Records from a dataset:
--*--

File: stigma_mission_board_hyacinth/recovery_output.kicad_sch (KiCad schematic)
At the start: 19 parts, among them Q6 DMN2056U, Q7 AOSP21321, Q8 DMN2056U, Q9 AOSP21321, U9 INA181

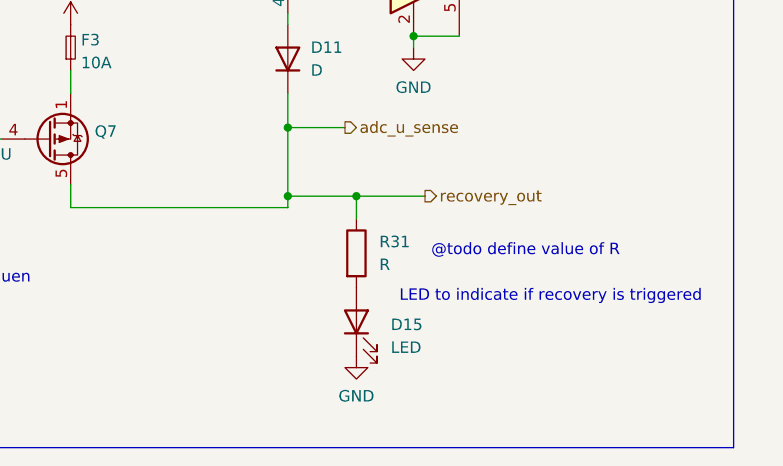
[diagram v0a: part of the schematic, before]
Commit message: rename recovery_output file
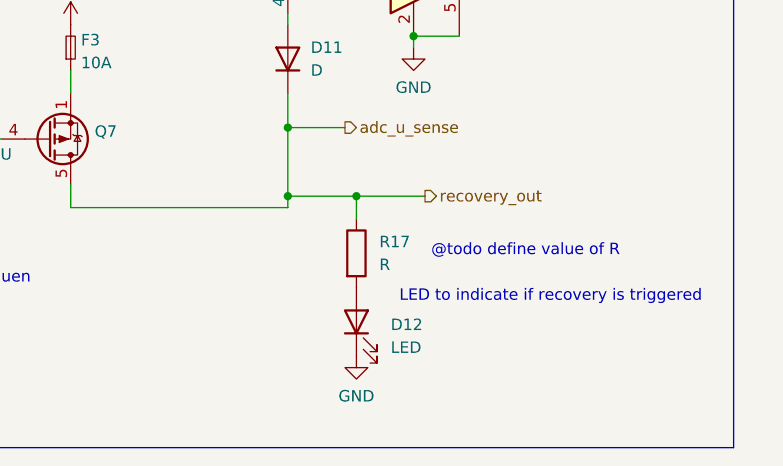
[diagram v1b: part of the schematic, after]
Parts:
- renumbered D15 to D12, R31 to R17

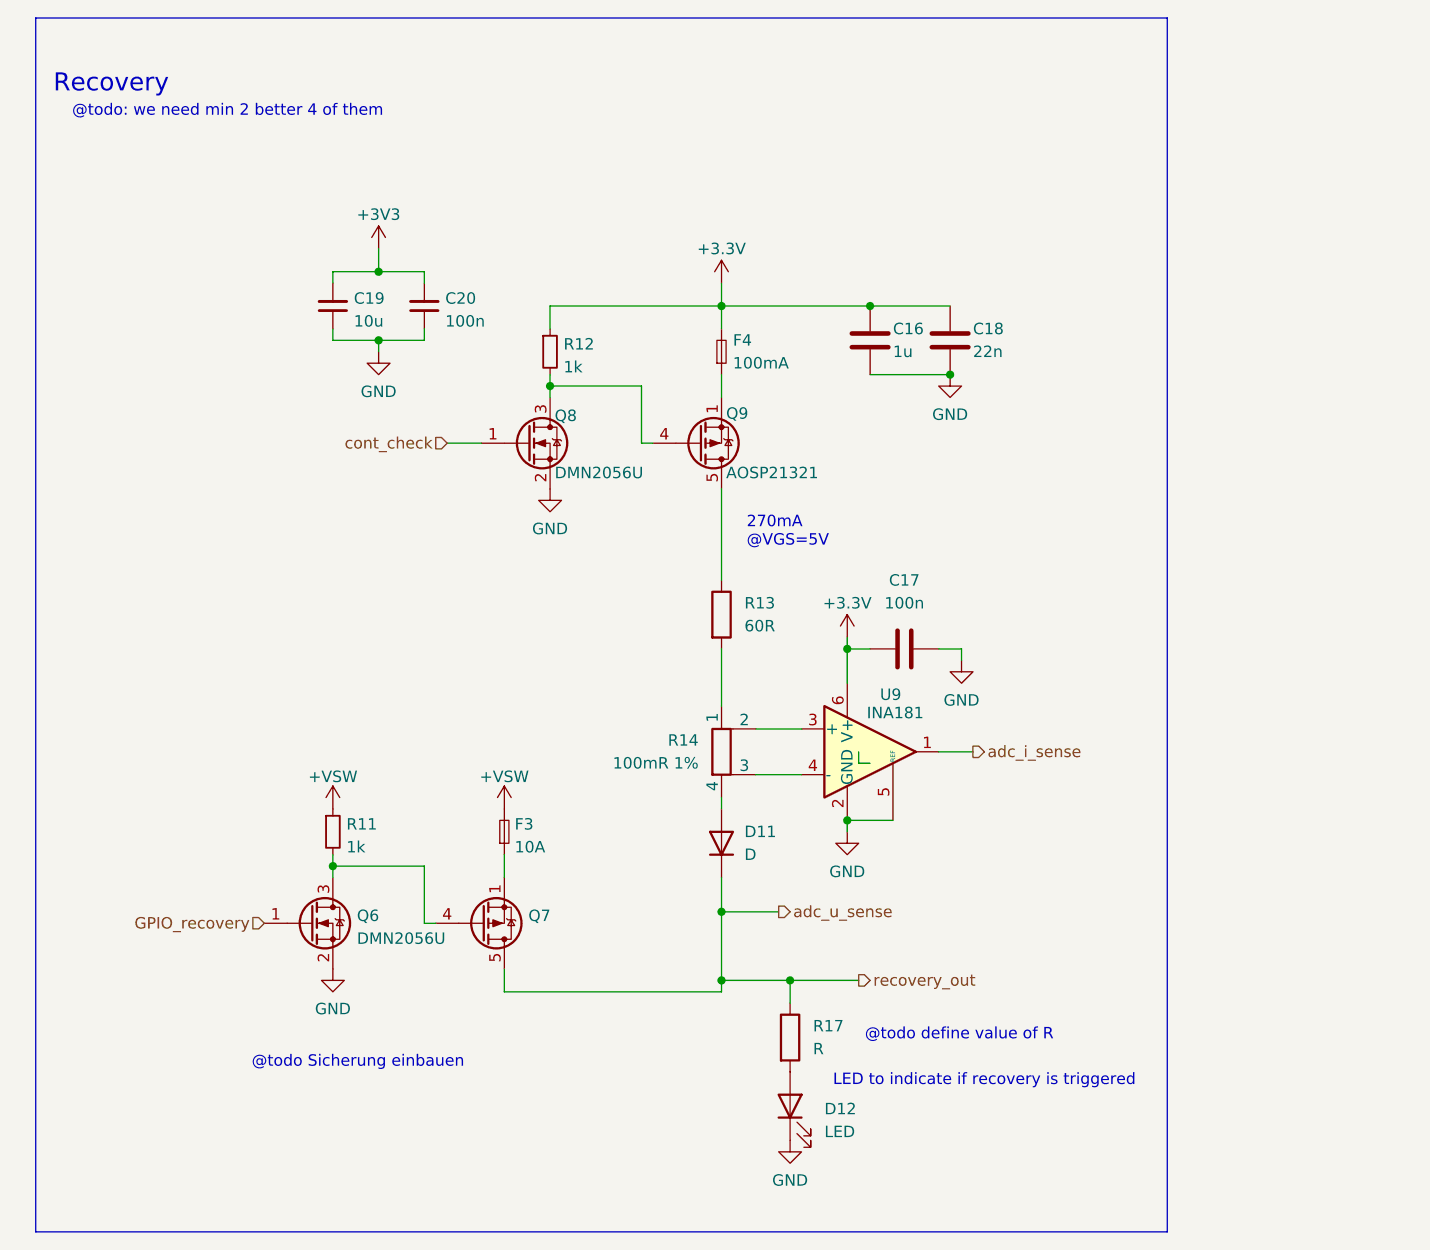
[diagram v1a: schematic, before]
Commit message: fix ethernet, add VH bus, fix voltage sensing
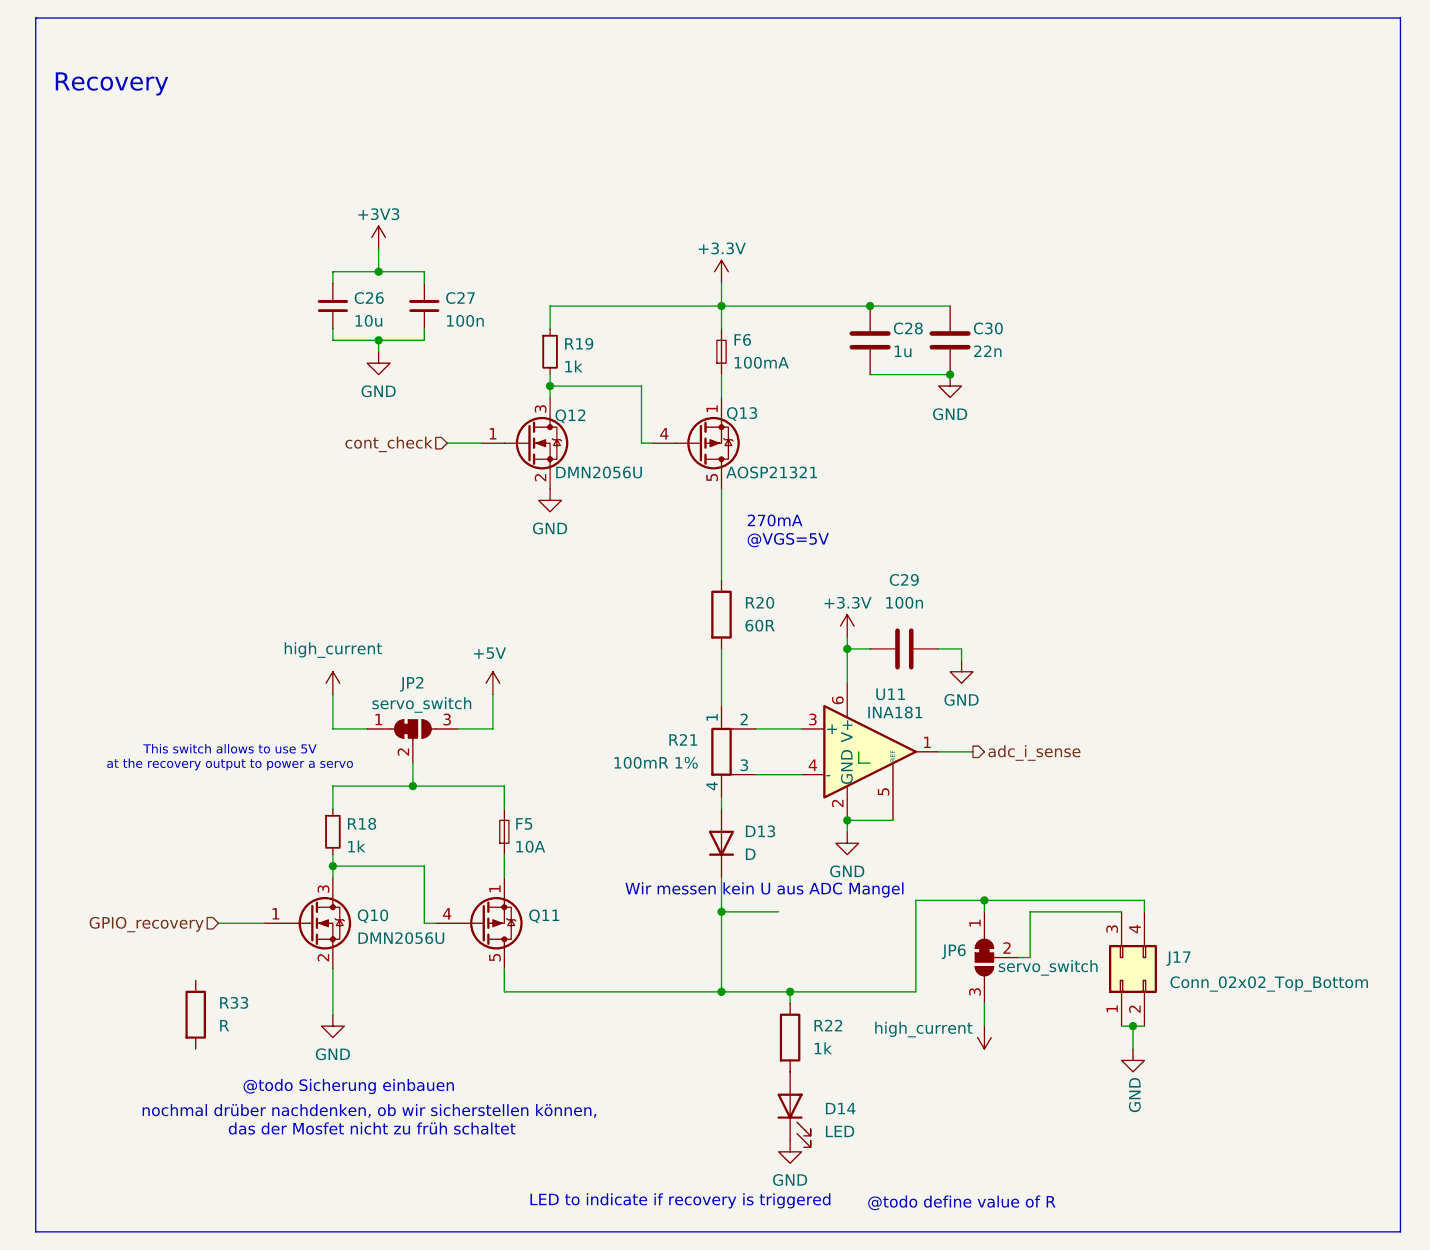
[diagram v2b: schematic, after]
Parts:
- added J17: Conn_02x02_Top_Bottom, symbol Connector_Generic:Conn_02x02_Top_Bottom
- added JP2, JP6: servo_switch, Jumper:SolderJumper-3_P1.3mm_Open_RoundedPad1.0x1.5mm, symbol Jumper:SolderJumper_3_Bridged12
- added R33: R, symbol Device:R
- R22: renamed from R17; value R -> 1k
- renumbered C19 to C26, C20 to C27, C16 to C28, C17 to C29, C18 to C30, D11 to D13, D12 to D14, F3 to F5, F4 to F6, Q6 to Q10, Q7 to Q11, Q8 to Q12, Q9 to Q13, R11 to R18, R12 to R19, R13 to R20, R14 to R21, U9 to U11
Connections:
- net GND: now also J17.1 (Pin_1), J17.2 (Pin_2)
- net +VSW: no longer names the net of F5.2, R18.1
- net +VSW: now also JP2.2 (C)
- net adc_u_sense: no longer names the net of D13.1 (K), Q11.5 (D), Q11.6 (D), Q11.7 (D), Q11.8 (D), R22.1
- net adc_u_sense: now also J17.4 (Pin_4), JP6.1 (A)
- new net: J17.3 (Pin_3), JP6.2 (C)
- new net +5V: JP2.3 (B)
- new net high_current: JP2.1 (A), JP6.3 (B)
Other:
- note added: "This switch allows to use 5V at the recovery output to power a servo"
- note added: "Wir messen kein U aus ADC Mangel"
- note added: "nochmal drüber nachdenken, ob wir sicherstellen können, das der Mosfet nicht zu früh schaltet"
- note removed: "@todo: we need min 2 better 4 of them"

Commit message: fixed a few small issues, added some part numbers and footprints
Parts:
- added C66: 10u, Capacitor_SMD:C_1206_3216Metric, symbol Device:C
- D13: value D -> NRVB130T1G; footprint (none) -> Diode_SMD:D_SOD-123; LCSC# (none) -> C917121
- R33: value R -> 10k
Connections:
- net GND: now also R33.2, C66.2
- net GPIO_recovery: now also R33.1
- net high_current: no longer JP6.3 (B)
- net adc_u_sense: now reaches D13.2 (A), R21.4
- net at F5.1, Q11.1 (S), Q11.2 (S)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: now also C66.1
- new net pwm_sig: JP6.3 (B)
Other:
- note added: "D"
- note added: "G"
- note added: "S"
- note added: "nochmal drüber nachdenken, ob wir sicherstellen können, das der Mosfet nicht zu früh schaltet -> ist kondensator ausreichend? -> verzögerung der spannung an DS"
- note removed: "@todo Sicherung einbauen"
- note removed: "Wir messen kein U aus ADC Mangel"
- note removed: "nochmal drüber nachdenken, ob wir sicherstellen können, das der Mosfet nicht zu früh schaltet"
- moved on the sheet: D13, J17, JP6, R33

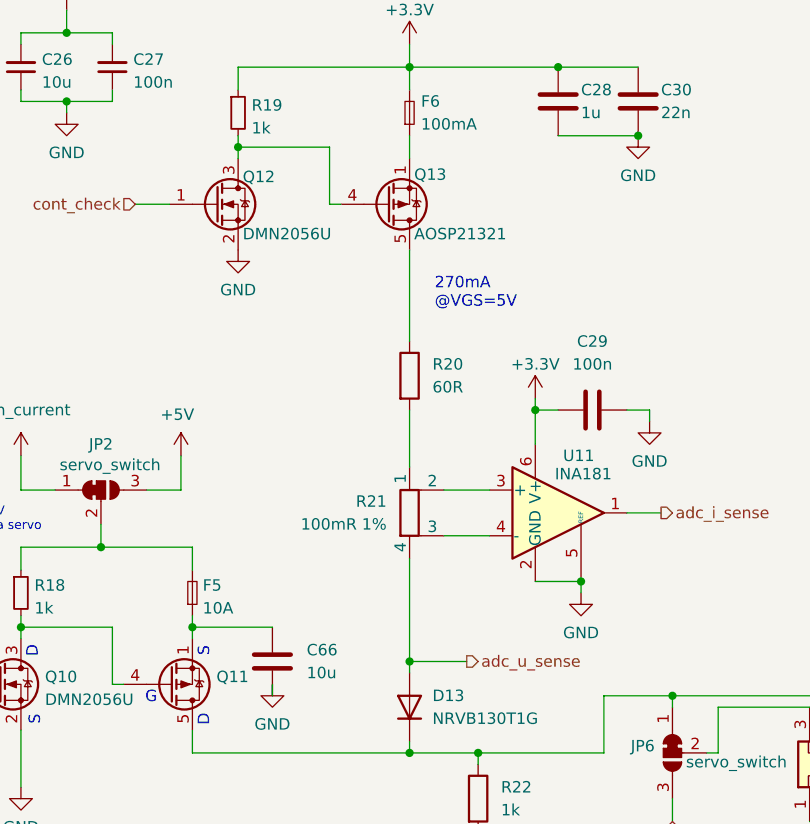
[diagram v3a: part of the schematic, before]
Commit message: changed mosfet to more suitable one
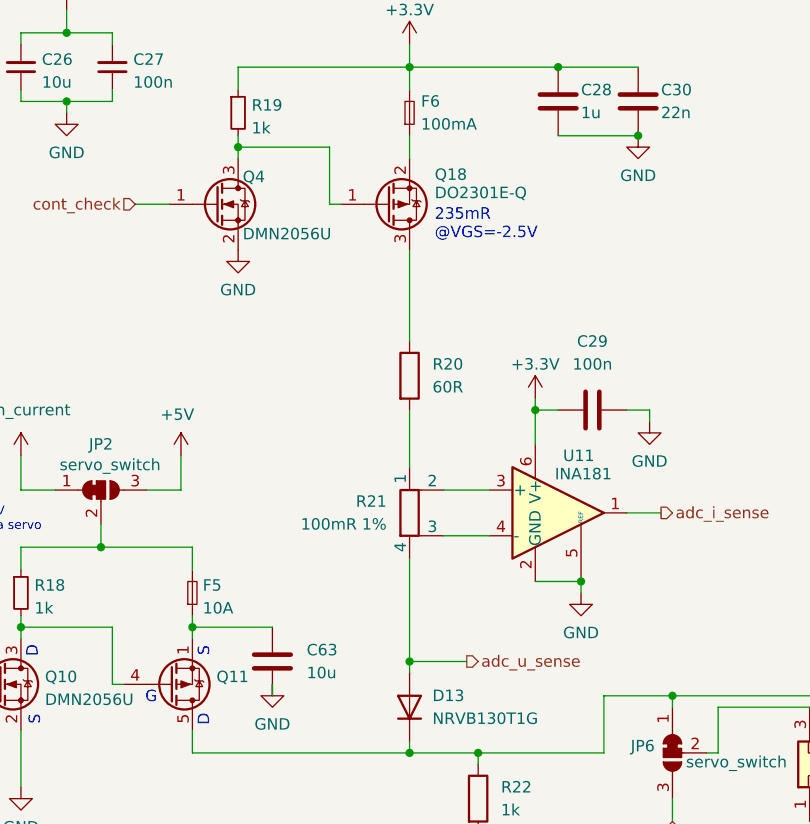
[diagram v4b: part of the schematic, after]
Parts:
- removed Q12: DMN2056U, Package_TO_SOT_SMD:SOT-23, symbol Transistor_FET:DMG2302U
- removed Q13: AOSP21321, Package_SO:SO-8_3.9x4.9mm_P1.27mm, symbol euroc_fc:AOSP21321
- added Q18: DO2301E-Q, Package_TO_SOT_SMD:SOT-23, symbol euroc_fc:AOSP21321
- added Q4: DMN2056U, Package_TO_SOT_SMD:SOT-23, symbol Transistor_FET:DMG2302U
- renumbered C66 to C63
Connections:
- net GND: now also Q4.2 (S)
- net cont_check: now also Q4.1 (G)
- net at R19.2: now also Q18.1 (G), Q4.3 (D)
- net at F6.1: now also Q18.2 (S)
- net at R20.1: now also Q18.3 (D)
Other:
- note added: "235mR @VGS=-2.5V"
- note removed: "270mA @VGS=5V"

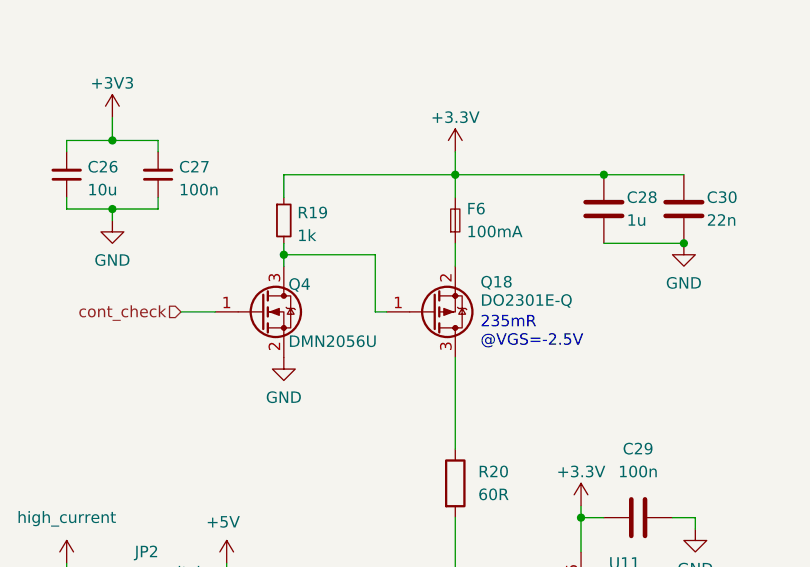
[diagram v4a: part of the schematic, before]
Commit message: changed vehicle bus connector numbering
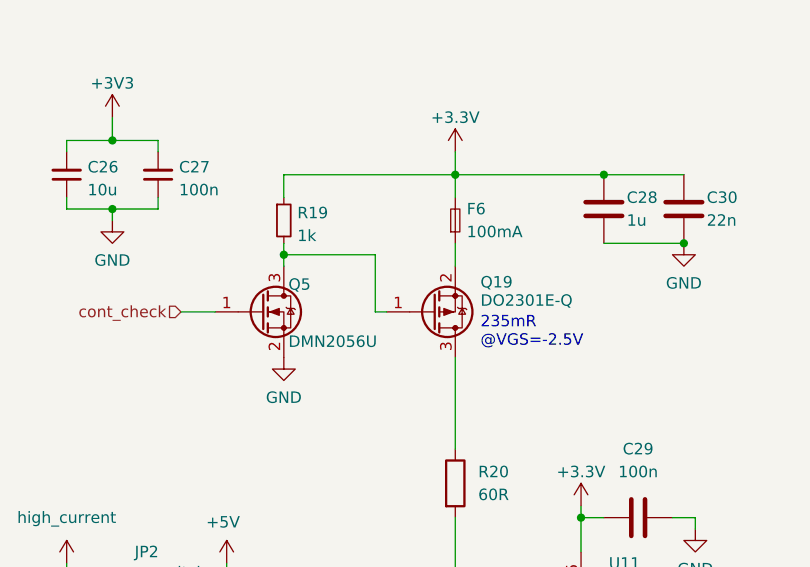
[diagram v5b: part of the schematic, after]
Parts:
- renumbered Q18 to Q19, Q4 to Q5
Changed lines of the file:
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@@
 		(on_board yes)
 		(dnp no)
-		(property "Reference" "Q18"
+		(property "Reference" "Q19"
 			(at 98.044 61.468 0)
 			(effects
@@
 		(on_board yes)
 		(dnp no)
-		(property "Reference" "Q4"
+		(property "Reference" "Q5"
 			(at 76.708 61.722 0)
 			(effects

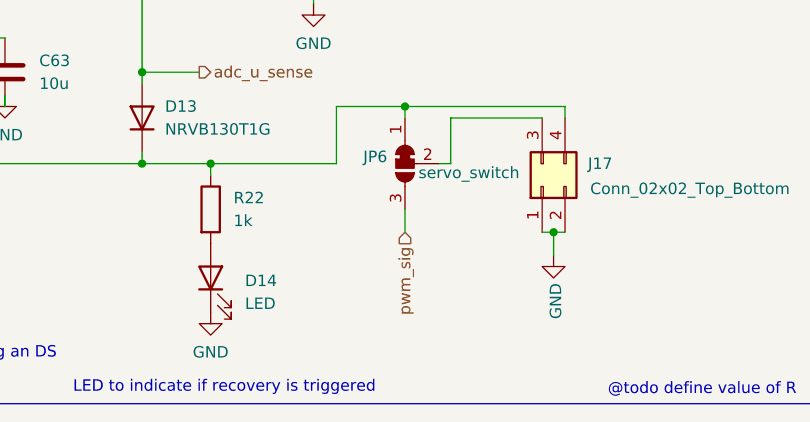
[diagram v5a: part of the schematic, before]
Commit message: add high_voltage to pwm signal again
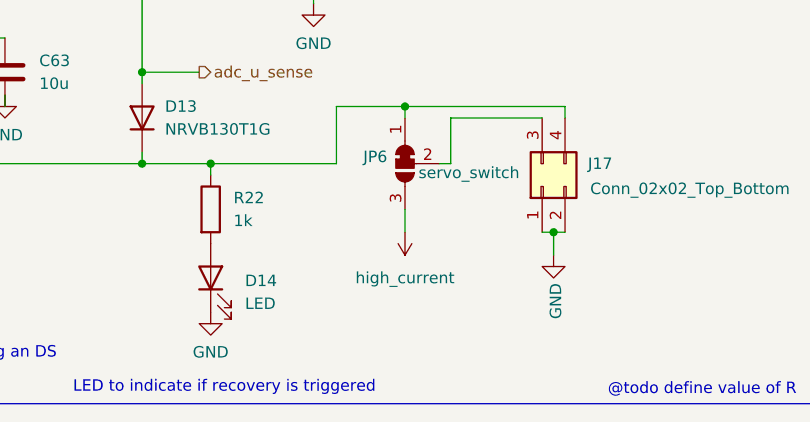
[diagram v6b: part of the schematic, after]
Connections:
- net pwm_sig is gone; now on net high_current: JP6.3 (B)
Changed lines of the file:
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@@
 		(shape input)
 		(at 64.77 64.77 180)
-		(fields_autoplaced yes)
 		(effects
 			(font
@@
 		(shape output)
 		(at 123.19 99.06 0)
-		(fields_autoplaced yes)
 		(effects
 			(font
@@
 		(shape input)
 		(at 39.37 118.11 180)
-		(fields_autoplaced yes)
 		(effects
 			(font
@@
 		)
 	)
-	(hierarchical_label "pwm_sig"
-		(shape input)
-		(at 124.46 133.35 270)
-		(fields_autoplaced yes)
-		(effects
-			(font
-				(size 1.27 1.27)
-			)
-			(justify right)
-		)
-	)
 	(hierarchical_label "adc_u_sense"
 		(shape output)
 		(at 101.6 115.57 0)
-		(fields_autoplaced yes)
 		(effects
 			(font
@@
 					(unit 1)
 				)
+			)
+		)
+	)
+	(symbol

--*--

Prompt:
What lines in the entries above include the string "diagram"? Return each one.

Finished task:
[diagram v0a: part of the schematic, before]
[diagram v1b: part of the schematic, after]
[diagram v1a: schematic, before]
[diagram v2b: schematic, after]
[diagram v3a: part of the schematic, before]
[diagram v4b: part of the schematic, after]
[diagram v4a: part of the schematic, before]
[diagram v5b: part of the schematic, after]
[diagram v5a: part of the schematic, before]
[diagram v6b: part of the schematic, after]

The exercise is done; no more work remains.